◆ DATA EXTRACTS:

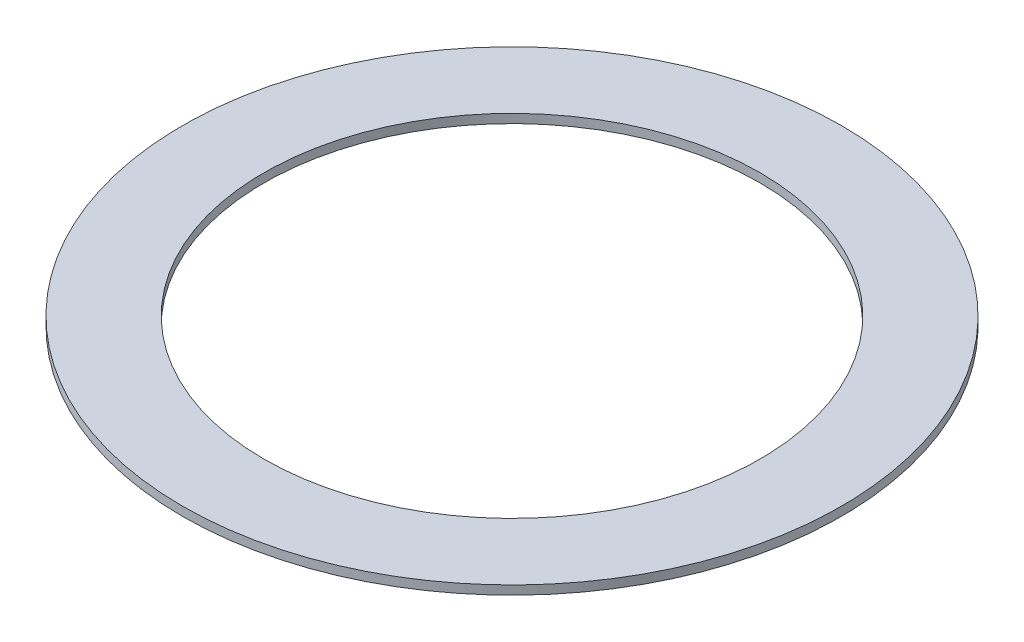
from build123d import *

# Parameters (mm, degrees)
SKETCH1_R           = 118.11
SKETCH1_R_2         = 88.9
BOSS_EXTRUDE1_DEPTH = 3.175


with BuildPart() as part:
    # Sketch1 → Boss-Extrude1 (new body)
    with BuildSketch(Plane(origin=(0, 0, 0), x_dir=(1, 0, 0), z_dir=(0, 1, 0))):
        Circle(SKETCH1_R)
        Circle(SKETCH1_R_2, mode=Mode.SUBTRACT)
    extrude(amount=BOSS_EXTRUDE1_DEPTH)


solid = part.part

◆ YOUR INSTRUCTIONS:
Copy all the entries above exactly as they stand, except for the pictures.

◆ EXERCISE SOLUTION:
from build123d import *

# Parameters (mm, degrees)
SKETCH1_R           = 118.11
SKETCH1_R_2         = 88.9
BOSS_EXTRUDE1_DEPTH = 3.175


with BuildPart() as part:
    # Sketch1 → Boss-Extrude1 (new body)
    with BuildSketch(Plane(origin=(0, 0, 0), x_dir=(1, 0, 0), z_dir=(0, 1, 0))):
        Circle(SKETCH1_R)
        Circle(SKETCH1_R_2, mode=Mode.SUBTRACT)
    extrude(amount=BOSS_EXTRUDE1_DEPTH)


solid = part.part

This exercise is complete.